Drug inactivation. Bacteria can produce several enzymes or molecules that inactivate drugs by covalent binding or enzymatic processes. Firstly, common antibiotics (e.g., aminoglycosides, streptogramins, fluoroquinolones, chloramphenicol) could be inactivated by acetylation, phosphorylation or adenylation; secondly, hydrolyzation is the primary mechanism by which bacteria can inactivate β-lactam antibiotics (e.g., cephalosporins, penicillins and cephamycins). β-lactamases are the most common example: these enzymes provide resistance to β-lactam antibiotics by hydrolyzing a specific site in the β-lactam ring structure [16]. Recently, β-lactamases were found to be active against carbapenems in Enterobacteriaceae (carbapenemases, i.e., Klebsiella pneumoniae carbapenemases and carbapenem-resistant enterobacteriaceae enzymes) [16].
Mutation/alteration of the drug target. The majority of antimicrobials have a specific mechanism of action against a specific cellular target and this is one of the reasons why bacteria are not susceptible to a certain class of molecules [17]. Gram(+) strains, for instance, become resistant to β-lactam drugs via alteration of the penicillin-binding proteins, that are transpeptidases involved in the cell wall construction [18]. S. aureus acquires resistance to the glycopeptide vancomycin by decreasing the binding ability of this molecule to the cell wall, as a consequence of a modification of the terminal d-Ala–d-Ala moiety of the peptidoglycan precursor lipid II [19].

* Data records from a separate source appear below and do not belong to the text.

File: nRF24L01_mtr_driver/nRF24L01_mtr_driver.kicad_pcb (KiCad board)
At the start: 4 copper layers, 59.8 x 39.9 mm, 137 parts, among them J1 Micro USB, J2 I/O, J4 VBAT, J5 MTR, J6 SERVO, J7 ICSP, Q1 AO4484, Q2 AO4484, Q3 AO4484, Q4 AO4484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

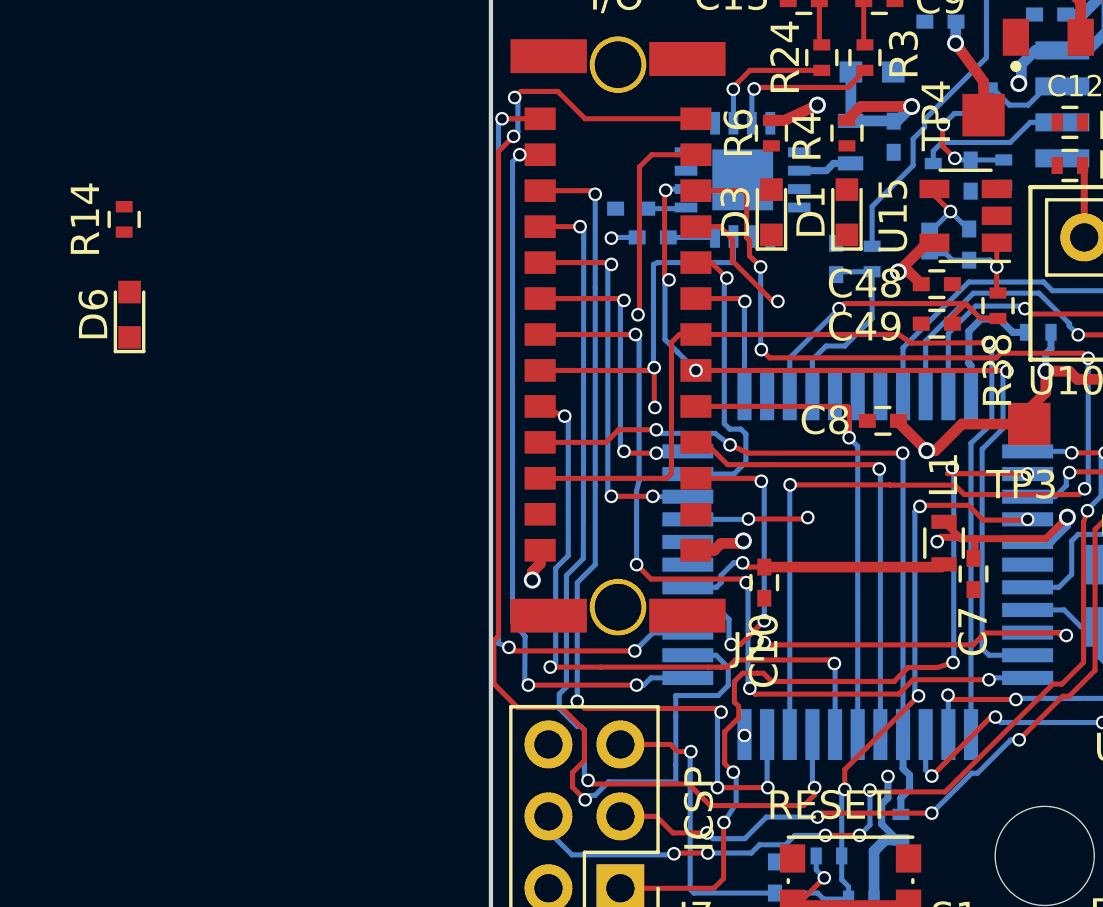
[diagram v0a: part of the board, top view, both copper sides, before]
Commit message: added LED1
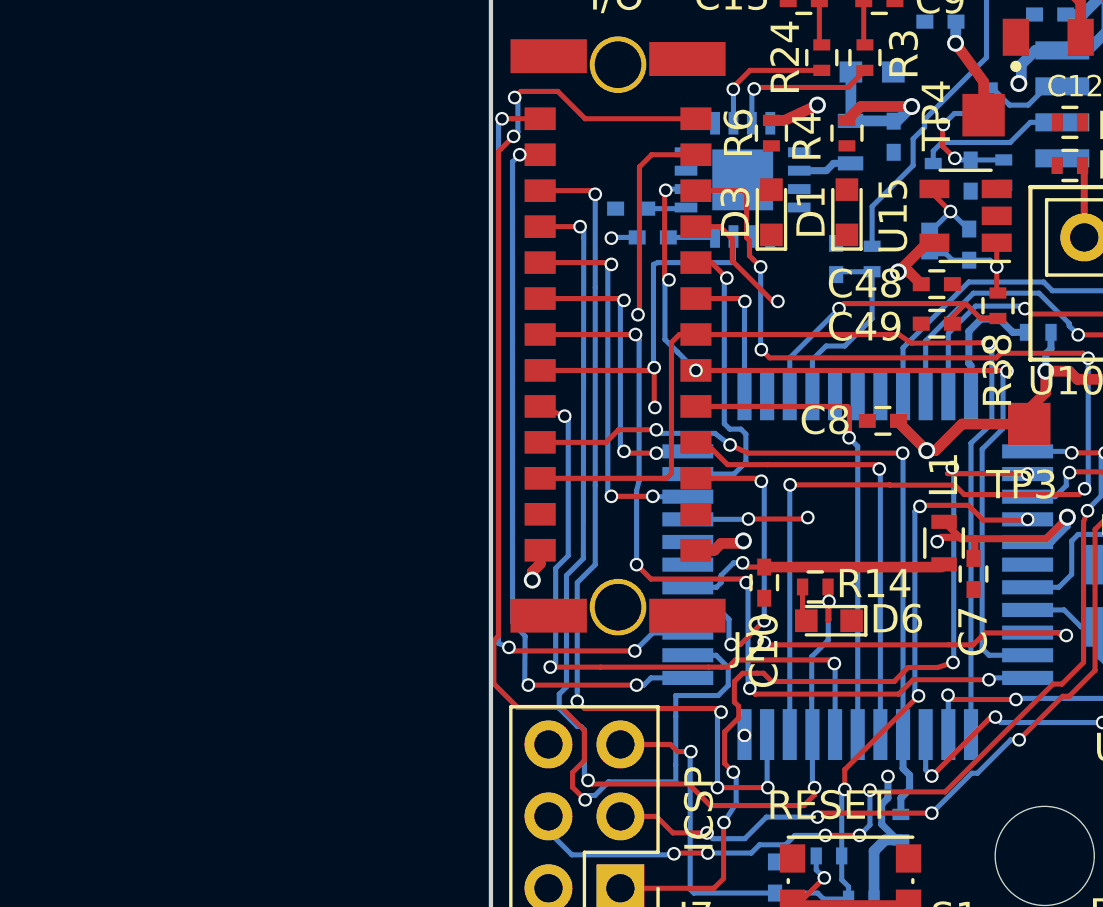
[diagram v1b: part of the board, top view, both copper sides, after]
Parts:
- moved R14 27.6 mm to (72.7, 72.2), turned to 180 degrees
- moved D6 27.0 mm to (73.2, 73.4), turned to 180 degrees
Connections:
- J2 pad 20: /PC0 -> /LED1
- U1 pad 19: /PC0 -> /LED1
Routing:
- net /LED1: track 0.00 -> 39.4 mm, vias 0 -> 4
- net /PC0: track 32.6 -> 0.00 mm, vias 3 -> 0
- net Net-(D6-Pad2): track 0.00 -> 1.25 mm

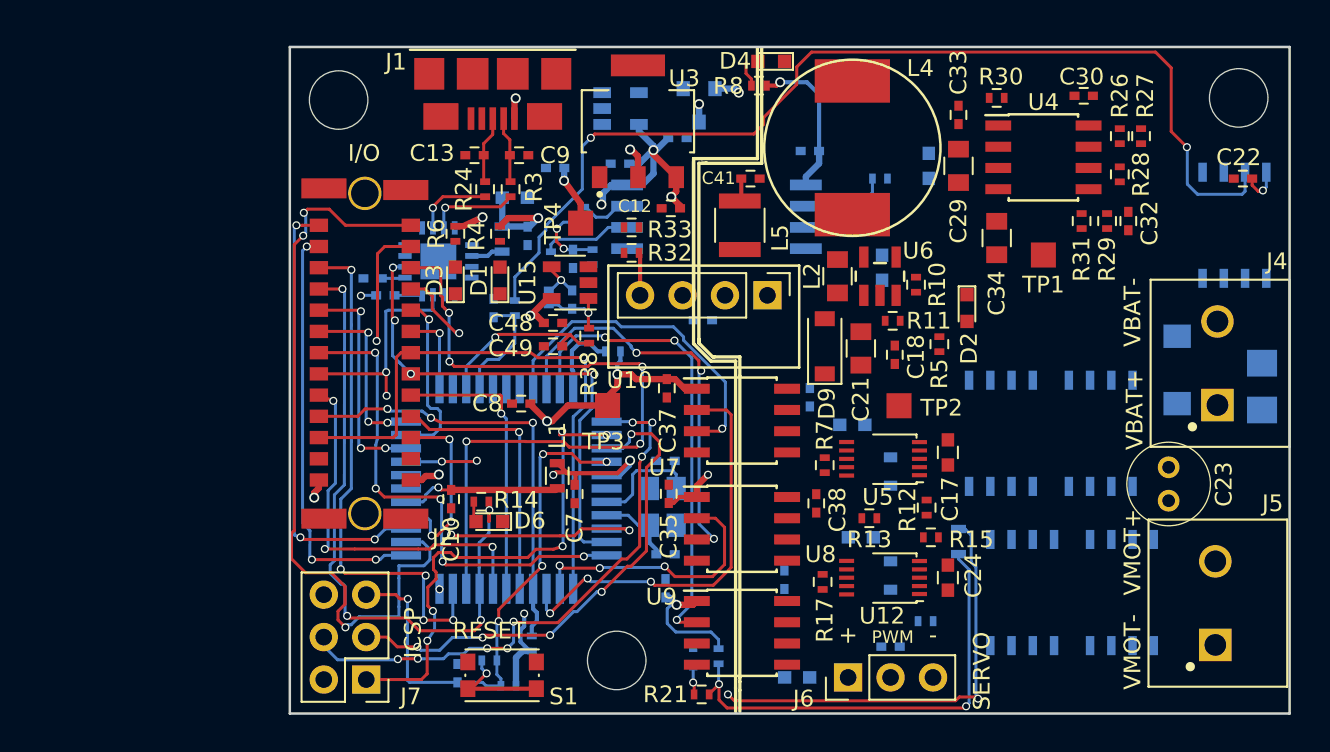
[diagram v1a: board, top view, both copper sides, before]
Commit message: 4-layer, most of the routing done (logic + pwr)
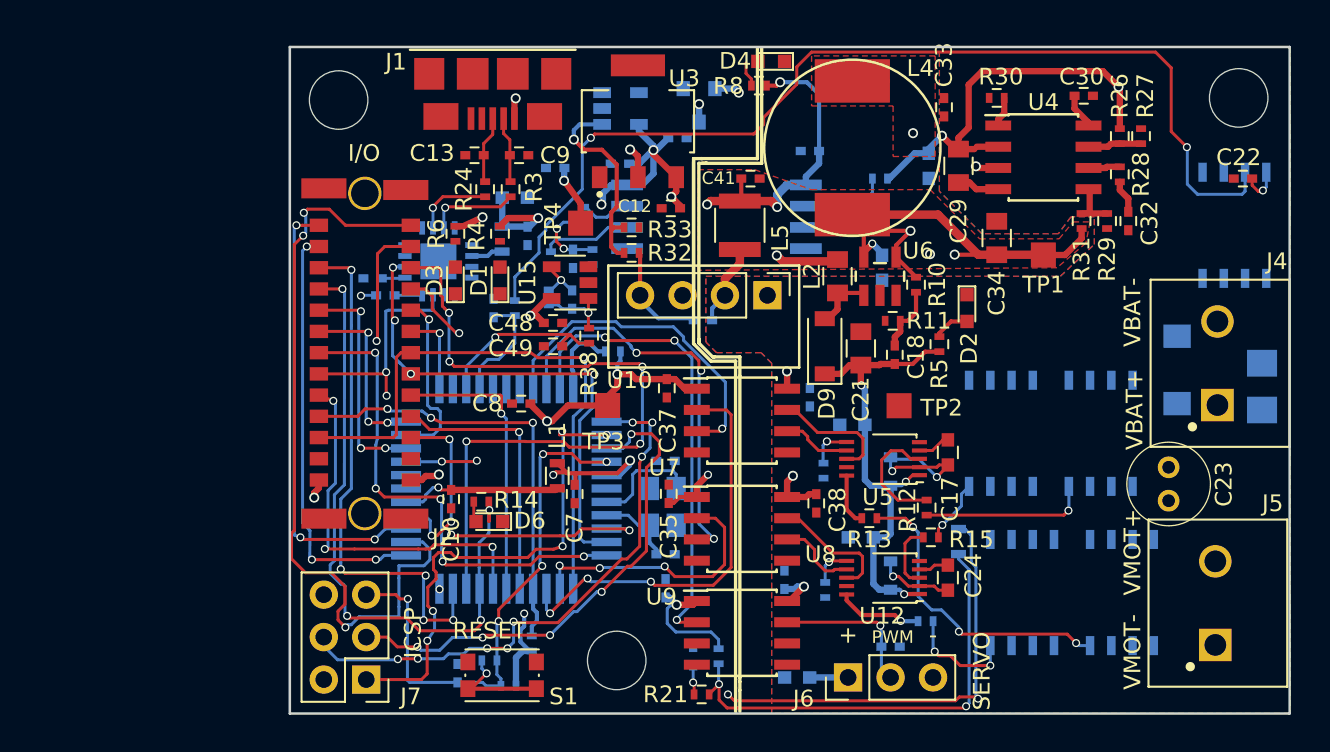
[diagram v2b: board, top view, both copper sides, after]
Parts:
- R17, R7: moved to B.Cu
- moved C33 0.98 mm to (100.4, 48.6)
- moved R17 0.51 mm to (93.2, 77.4)
- moved R7 0.34 mm to (93.1, 70.3)
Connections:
- net Net-(C33-Pad1) renamed /SW
- C14 pad 1: VBAT -> /VBAT_S
- C29 pad 1: VBAT -> /VBAT_S
- R19 pad 1: VBAT -> /VBAT_S
- R26 pad 2: VBAT -> /VBAT_S
- U4 pad 2: VBAT -> /VBAT_S
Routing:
- net 5V0_PWR: track 10.7 -> 97.1 mm, vias 1 -> 11
- net 12V_PWR: track 0.00 -> 27.8 mm, vias 0 -> 3
- net /VBAT_S: track 0.00 -> 24.4 mm, vias 0 -> 2
- net Net-(Q1-Pad4): track 0.00 -> 18.4 mm, vias 0 -> 3
- net Net-(R32-Pad2): track 0.00 -> 12.4 mm, vias 0 -> 1
- net Net-(Q2-Pad4): track 0.00 -> 10.1 mm, vias 0 -> 1
- net /SERVO_PWM: track 0.00 -> 9.02 mm, vias 0 -> 1
- net Net-(C17-Pad1): track 0.00 -> 8.60 mm, vias 0 -> 2
- net /SW: track 0.00 -> 8.29 mm, vias 0 -> 2
- net /IN2: track 0.00 -> 7.52 mm
- net /IN1: track 0.00 -> 7.31 mm
- net Net-(R12-Pad2): track 0.00 -> 7.21 mm
- net Net-(Q4-Pad4): track 0.00 -> 6.72 mm, vias 0 -> 2
- net Net-(R16-Pad1): track 0.00 -> 5.15 mm, vias 0 -> 1
- net Net-(C42-Pad2): track 0.00 -> 4.91 mm
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- added copper zone on In1.Cu, net /H1_out
- added copper zone on In2.Cu, net /H1_out
- added copper zone on In1.Cu, net /H2_out
- added copper zone on In2.Cu, net /H2_out
- added copper zone on F.Cu, net /SW
- added copper zone on In1.Cu, net /SW
- added copper zone on In1.Cu, net /VBAT_S
- added copper zone on In2.Cu, net /VBAT_S
- added copper zone on F.Cu, net 5V0_PWR
- added copper zone on In1.Cu, net 5V0_PWR
- added copper zone on B.Cu, net GND_PWR
- added copper zone on F.Cu, net GND_PWR
- added copper zone on In1.Cu, net GND_PWR
- added copper zone on In2.Cu, net GND_PWR
- added copper zone on In1.Cu, net Net-(C23-Pad1)
- added copper zone on In2.Cu, net Net-(C23-Pad1)

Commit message: copper pour plane zones done
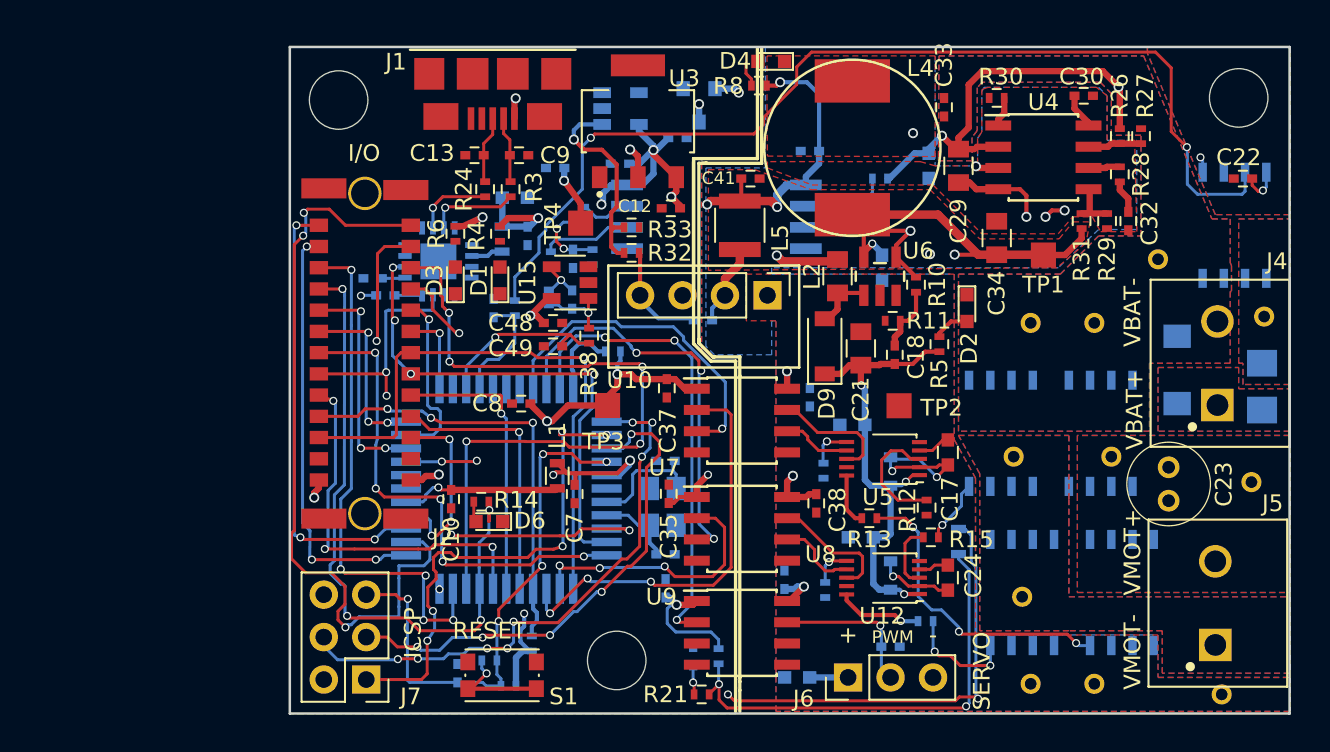
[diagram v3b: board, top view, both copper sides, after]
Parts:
- added REF**: THERMO VIA, mc-footprints:SINGLE_THERMO_VIA, F.Cu at (118.7, 71.0)
- added REF**: THERMO VIA, mc-footprints:SINGLE_THERMO_VIA, F.Cu at (105.5, 61.5)
- added REF**: THERMO VIA, mc-footprints:SINGLE_THERMO_VIA, F.Cu at (113.2, 57.7)
- added REF**: THERMO VIA, mc-footprints:SINGLE_THERMO_VIA, F.Cu at (110.4, 69.5)
- added REF**: THERMO VIA, mc-footprints:SINGLE_THERMO_VIA, F.Cu at (104.5, 69.5)
- added REF**: THERMO VIA, mc-footprints:SINGLE_THERMO_VIA, F.Cu at (105.0, 77.9)
- added REF**: THERMO VIA, mc-footprints:SINGLE_THERMO_VIA, F.Cu at (109.3, 83.1)
- added REF**: THERMO VIA, mc-footprints:SINGLE_THERMO_VIA, F.Cu at (105.5, 83.1)
- added REF**: THERMO VIA, mc-footprints:SINGLE_THERMO_VIA, F.Cu at (117.0, 83.7)
- added REF**: THERMO VIA, mc-footprints:SINGLE_THERMO_VIA, F.Cu at (109.3, 61.5)
- added REF**: THERMO VIA, mc-footprints:SINGLE_THERMO_VIA, F.Cu at (119.5, 61.1)
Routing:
- net Net-(Q2-Pad4): track 10.1 -> 0.00 mm, vias 1 -> 0
- net GND_PWR: track 6.42 -> 12.0 mm, vias 0 -> 3
- net GNDA: track 26.1 -> 27.1 mm, vias 2 -> 3
- added copper zone on B.Cu, net (none)
- added copper zone on F.Cu, net (none)
- added copper zone on B.Cu, net /H1_out
- added copper zone on F.Cu, net /H1_out
- added copper zone on B.Cu, net /H2_out
- added copper zone on F.Cu, net /H2_out
- added copper zone on B.Cu, net /VBAT_S
- added copper zone on F.Cu, net /VBAT_S
- added copper zone on B.Cu, net GNDA
- added copper zone on F.Cu, net GNDA
- added copper zone on B.Cu, net VBAT
- added copper zone on F.Cu, net VBAT
- added copper zone on In1.Cu, net VBAT
- added copper zone on In2.Cu, net VBAT

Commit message: All pour planes finalized
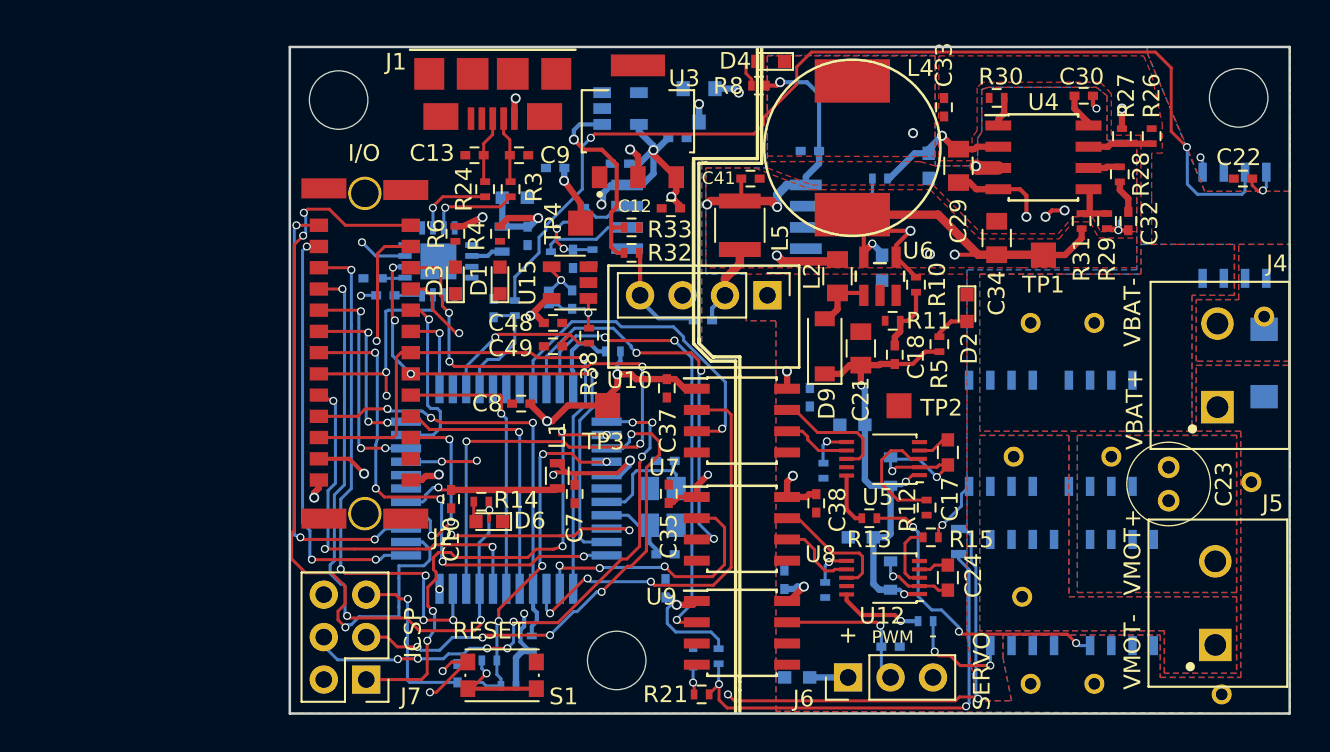
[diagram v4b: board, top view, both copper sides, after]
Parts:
- removed F1: F3542CT-ND, Resistors:1206
- removed the REF** at (113.2, 57.7)
- moved D8 6.85 mm to (119.5, 61.8), turned to 270 degrees
- moved R26 1.91 mm to (112.8, 50.3)
- moved R27 1.14 mm to (111.0, 50.3)
- moved J4 0.13 mm to (116.7, 64.0)
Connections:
- C23 pad 1: Net-(C23-Pad1) -> VBAT
- D8 pad 1: Net-(C23-Pad1) -> VBAT
- J4 pad 1: Net-(C23-Pad1) -> GND_PWR
- J4 pad 2: GND_PWR -> VBAT
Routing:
- net /VBAT_S: track 24.4 -> 8.04 mm, vias 2 -> 1
- net GNDA: track 27.1 -> 37.8 mm, vias 3 -> 7
- net GND_PWR: track 12.0 -> 15.9 mm, vias 3 -> 6
- net Net-(R26-Pad1): track 3.22 -> 3.73 mm
- added copper zone on In1.Cu, net 12V_PWR
- removed copper zone on B.Cu, net (none)
- removed copper zone on F.Cu, net (none)
- removed copper zone on In1.Cu, net Net-(C23-Pad1)
- removed copper zone on In2.Cu, net Net-(C23-Pad1)

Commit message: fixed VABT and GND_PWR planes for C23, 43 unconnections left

Drug efflux. Bacteria can eliminate internalized toxic substances through a mechanism involving efflux pumps, which can be constitutively expressed or overexpressed under certain conditions. Many of these pumps have the capability to transport different types of substances. They are properly named multi-drug efflux pumps [20] and their increased number is generally associated to high-level of resistance to clinically significant bacterial infections [21][22].
Biofilm formation. In conditions of environmental stress, scarcity of nutrients, presence of antimicrobial molecules, some bacterial species can switch from a motile to a sessile lifestyle, named biofilm. This is a bacterial community able to colonize abiotic (e.g., medical devices and implants [23][24][25]) and biotic surfaces (e.g., human tissues [26][27][28]). Biofilm formation is a strategy used by pathogenic bacteria to protect themselves from the external stressful conditions by producing a thick and sticky extracellular matrix which contains DNA, proteins and polysaccharides. In addition, biofilm cells enter into a slow division rate, which weakens the effect of antibiotic molecules targeting specific cellular processes. Thus, biofilms are often associated to chronic infections and molecules capable to disrupt these communities and/or to inhibit their formation are highly demanded [29][30].
Figure 1. Schematic representation of the principal mechanisms of antibiotic resistance.